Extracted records
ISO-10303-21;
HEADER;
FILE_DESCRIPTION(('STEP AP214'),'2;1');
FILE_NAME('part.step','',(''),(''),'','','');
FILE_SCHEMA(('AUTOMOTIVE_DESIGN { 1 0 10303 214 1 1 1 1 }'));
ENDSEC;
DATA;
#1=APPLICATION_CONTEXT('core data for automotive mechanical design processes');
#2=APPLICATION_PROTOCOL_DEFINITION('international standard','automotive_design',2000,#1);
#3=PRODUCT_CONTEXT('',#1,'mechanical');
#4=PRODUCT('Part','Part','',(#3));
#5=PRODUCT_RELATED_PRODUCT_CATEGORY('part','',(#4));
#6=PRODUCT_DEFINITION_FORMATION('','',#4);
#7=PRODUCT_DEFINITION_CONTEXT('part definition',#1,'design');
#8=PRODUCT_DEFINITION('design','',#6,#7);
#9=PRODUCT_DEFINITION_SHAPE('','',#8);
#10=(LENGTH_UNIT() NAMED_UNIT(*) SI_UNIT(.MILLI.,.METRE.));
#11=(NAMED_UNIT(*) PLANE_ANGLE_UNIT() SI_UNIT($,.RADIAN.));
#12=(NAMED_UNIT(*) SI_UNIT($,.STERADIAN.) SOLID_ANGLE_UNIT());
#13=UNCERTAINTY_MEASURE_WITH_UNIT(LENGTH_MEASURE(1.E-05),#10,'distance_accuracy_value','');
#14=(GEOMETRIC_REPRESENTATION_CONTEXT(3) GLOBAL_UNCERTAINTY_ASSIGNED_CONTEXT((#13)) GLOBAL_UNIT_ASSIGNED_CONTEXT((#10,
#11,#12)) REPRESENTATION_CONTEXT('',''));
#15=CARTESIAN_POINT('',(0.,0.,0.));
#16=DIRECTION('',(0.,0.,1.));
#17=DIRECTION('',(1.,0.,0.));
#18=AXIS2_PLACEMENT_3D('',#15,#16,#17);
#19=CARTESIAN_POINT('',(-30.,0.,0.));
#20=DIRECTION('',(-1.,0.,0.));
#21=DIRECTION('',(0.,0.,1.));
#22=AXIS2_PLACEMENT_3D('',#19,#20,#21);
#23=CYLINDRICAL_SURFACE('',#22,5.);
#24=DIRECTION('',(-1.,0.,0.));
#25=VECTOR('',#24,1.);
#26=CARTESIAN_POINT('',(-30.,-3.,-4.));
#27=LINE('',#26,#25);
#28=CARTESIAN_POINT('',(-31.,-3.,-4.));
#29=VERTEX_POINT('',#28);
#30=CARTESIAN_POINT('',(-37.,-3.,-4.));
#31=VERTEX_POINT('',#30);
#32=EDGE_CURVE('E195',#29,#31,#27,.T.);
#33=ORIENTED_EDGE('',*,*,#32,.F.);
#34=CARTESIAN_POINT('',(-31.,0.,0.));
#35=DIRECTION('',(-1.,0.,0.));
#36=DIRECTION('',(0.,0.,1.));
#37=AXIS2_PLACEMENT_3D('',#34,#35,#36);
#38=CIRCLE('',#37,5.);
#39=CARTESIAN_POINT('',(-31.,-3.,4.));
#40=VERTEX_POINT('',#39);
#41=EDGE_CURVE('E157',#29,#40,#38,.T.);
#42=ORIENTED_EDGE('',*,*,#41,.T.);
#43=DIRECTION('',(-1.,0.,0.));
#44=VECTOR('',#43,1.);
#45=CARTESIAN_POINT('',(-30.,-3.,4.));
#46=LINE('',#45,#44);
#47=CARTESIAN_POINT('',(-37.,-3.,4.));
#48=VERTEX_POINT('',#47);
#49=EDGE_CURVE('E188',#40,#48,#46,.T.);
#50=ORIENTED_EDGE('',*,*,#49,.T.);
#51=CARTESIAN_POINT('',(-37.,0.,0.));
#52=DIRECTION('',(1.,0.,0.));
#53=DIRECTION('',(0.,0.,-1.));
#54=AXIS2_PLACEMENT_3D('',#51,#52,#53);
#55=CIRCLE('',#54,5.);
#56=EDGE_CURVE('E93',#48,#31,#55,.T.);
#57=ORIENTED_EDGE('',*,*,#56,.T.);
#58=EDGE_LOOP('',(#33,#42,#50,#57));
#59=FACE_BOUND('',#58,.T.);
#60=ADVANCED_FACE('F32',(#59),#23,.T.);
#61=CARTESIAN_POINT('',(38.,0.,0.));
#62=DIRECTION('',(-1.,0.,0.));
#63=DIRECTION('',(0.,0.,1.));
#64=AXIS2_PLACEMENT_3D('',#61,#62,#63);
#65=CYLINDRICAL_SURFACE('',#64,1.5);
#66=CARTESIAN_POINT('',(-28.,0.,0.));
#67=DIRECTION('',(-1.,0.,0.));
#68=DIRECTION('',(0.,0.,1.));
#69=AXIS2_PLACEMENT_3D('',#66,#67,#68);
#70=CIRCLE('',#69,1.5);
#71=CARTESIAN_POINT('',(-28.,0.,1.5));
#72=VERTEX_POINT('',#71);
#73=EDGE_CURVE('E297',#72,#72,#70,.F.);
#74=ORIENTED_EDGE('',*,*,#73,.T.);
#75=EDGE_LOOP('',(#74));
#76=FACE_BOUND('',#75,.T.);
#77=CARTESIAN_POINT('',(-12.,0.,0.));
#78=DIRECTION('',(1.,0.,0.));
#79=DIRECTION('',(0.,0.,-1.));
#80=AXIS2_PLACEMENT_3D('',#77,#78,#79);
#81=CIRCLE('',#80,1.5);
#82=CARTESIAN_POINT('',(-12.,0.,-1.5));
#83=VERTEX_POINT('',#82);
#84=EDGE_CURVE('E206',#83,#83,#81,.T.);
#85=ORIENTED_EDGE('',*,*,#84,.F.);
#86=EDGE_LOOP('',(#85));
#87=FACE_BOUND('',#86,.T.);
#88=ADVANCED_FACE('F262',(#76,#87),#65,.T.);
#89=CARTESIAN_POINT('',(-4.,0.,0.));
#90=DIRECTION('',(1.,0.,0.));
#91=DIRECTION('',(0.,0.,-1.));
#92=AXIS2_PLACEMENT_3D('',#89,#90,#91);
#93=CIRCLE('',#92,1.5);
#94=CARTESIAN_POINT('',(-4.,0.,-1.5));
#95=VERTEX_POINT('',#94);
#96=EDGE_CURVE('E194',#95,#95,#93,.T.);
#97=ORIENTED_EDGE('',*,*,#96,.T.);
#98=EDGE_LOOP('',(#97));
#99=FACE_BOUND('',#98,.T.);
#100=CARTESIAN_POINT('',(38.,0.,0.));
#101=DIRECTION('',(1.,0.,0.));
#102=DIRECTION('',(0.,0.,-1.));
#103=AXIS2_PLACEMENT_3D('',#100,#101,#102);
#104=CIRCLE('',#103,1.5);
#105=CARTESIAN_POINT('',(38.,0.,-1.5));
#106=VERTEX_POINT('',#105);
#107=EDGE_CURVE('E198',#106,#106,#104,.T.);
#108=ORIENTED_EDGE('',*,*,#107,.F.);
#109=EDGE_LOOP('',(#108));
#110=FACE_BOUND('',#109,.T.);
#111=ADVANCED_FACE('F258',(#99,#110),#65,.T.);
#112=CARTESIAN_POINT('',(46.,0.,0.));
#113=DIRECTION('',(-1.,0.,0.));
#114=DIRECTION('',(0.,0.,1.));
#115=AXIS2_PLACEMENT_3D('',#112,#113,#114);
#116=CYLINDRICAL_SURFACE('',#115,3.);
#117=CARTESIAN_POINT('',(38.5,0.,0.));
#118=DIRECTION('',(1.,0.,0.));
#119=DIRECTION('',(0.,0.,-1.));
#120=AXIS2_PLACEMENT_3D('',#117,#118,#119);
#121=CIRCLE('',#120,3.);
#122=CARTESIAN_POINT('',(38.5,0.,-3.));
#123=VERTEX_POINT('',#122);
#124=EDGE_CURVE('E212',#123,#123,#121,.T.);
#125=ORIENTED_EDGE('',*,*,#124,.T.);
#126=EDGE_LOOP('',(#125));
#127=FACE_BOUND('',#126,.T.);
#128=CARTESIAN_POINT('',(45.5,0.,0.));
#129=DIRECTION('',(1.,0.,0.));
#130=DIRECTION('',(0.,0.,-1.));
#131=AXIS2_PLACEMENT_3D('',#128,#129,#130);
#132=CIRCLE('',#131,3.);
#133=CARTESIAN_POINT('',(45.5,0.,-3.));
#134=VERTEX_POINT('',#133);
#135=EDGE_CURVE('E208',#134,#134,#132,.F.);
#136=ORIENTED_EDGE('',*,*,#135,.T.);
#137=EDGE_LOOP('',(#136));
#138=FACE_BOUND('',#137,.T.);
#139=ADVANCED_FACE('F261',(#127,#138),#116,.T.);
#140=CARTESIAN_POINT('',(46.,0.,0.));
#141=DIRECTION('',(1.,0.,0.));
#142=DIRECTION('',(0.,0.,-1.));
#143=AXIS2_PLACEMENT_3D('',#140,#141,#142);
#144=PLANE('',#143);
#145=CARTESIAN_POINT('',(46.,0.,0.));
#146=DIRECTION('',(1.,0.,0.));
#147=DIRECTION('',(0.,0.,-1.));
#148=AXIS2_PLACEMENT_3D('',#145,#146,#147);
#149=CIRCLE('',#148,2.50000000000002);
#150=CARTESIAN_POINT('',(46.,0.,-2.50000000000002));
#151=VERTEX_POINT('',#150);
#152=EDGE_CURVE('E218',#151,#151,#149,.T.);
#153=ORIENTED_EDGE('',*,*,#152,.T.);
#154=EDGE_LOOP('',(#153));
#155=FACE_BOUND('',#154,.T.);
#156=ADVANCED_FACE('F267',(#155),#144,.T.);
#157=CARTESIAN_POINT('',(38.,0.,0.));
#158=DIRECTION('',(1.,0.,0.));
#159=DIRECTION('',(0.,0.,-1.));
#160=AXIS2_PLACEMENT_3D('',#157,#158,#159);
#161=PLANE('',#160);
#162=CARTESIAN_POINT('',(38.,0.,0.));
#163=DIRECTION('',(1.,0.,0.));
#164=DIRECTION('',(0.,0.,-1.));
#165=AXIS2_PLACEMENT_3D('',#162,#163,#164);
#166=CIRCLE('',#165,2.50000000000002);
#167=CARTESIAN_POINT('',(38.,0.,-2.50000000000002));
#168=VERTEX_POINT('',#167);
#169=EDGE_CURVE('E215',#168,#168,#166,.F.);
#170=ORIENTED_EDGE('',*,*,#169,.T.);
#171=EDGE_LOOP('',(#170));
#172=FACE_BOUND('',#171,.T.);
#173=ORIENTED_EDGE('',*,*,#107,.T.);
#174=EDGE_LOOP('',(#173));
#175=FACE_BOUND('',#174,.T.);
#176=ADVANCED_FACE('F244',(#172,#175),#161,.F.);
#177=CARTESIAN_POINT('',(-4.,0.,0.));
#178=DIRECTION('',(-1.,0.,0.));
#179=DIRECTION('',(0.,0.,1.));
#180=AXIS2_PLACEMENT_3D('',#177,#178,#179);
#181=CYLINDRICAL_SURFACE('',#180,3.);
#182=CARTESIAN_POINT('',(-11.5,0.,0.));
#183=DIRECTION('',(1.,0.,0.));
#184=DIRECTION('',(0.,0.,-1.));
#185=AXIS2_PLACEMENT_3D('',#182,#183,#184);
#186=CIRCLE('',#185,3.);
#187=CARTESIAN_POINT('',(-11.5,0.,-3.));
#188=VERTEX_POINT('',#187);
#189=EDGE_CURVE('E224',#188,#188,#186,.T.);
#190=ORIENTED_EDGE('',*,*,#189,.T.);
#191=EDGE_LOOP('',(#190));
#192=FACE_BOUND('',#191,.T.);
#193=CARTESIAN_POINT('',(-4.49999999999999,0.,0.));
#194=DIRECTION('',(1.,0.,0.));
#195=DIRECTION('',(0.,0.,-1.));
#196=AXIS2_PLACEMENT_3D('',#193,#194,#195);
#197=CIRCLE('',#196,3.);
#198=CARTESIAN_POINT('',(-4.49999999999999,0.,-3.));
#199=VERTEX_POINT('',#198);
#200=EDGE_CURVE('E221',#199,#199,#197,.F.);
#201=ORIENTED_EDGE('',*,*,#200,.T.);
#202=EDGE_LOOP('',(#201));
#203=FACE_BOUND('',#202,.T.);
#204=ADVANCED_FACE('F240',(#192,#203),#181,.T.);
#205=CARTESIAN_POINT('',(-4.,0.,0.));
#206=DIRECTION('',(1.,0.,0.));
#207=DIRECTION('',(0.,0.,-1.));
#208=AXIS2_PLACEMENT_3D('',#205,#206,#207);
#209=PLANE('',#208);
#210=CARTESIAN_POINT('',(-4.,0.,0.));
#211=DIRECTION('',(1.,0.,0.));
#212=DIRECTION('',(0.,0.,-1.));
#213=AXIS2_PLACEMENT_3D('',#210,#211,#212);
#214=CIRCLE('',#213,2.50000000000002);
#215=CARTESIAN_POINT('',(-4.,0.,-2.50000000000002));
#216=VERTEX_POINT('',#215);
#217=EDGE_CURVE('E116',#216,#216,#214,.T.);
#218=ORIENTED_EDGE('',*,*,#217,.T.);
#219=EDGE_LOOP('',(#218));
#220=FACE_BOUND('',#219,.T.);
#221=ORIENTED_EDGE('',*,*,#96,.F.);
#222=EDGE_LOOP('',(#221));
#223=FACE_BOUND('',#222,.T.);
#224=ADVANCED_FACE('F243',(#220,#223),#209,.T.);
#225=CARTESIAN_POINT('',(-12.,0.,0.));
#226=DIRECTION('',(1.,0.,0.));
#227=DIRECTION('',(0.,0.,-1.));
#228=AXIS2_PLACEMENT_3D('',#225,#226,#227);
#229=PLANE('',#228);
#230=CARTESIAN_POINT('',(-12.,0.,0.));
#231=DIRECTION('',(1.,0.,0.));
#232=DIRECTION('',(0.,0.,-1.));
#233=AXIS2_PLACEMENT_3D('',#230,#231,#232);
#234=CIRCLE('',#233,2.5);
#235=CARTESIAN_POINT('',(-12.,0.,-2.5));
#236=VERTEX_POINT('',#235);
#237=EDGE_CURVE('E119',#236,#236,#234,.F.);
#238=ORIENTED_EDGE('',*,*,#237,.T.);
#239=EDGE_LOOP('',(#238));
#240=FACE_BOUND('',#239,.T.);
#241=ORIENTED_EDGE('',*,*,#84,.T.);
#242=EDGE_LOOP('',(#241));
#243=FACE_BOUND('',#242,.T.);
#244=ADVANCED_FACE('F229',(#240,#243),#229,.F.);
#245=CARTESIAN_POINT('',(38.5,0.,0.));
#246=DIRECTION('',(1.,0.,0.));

--- Task item ---
Using the data above, transcribe the lines that run from the line with "#198=CARTESIAN_POINT('',(-4.49999999999999,0.,-3.));" to the line with "#209=PLANE('',#208);", both ends kept, and output nothing else.

--- Exercise answer ---
#198=CARTESIAN_POINT('',(-4.49999999999999,0.,-3.));
#199=VERTEX_POINT('',#198);
#200=EDGE_CURVE('E221',#199,#199,#197,.F.);
#201=ORIENTED_EDGE('',*,*,#200,.T.);
#202=EDGE_LOOP('',(#201));
#203=FACE_BOUND('',#202,.T.);
#204=ADVANCED_FACE('F240',(#192,#203),#181,.T.);
#205=CARTESIAN_POINT('',(-4.,0.,0.));
#206=DIRECTION('',(1.,0.,0.));
#207=DIRECTION('',(0.,0.,-1.));
#208=AXIS2_PLACEMENT_3D('',#205,#206,#207);
#209=PLANE('',#208);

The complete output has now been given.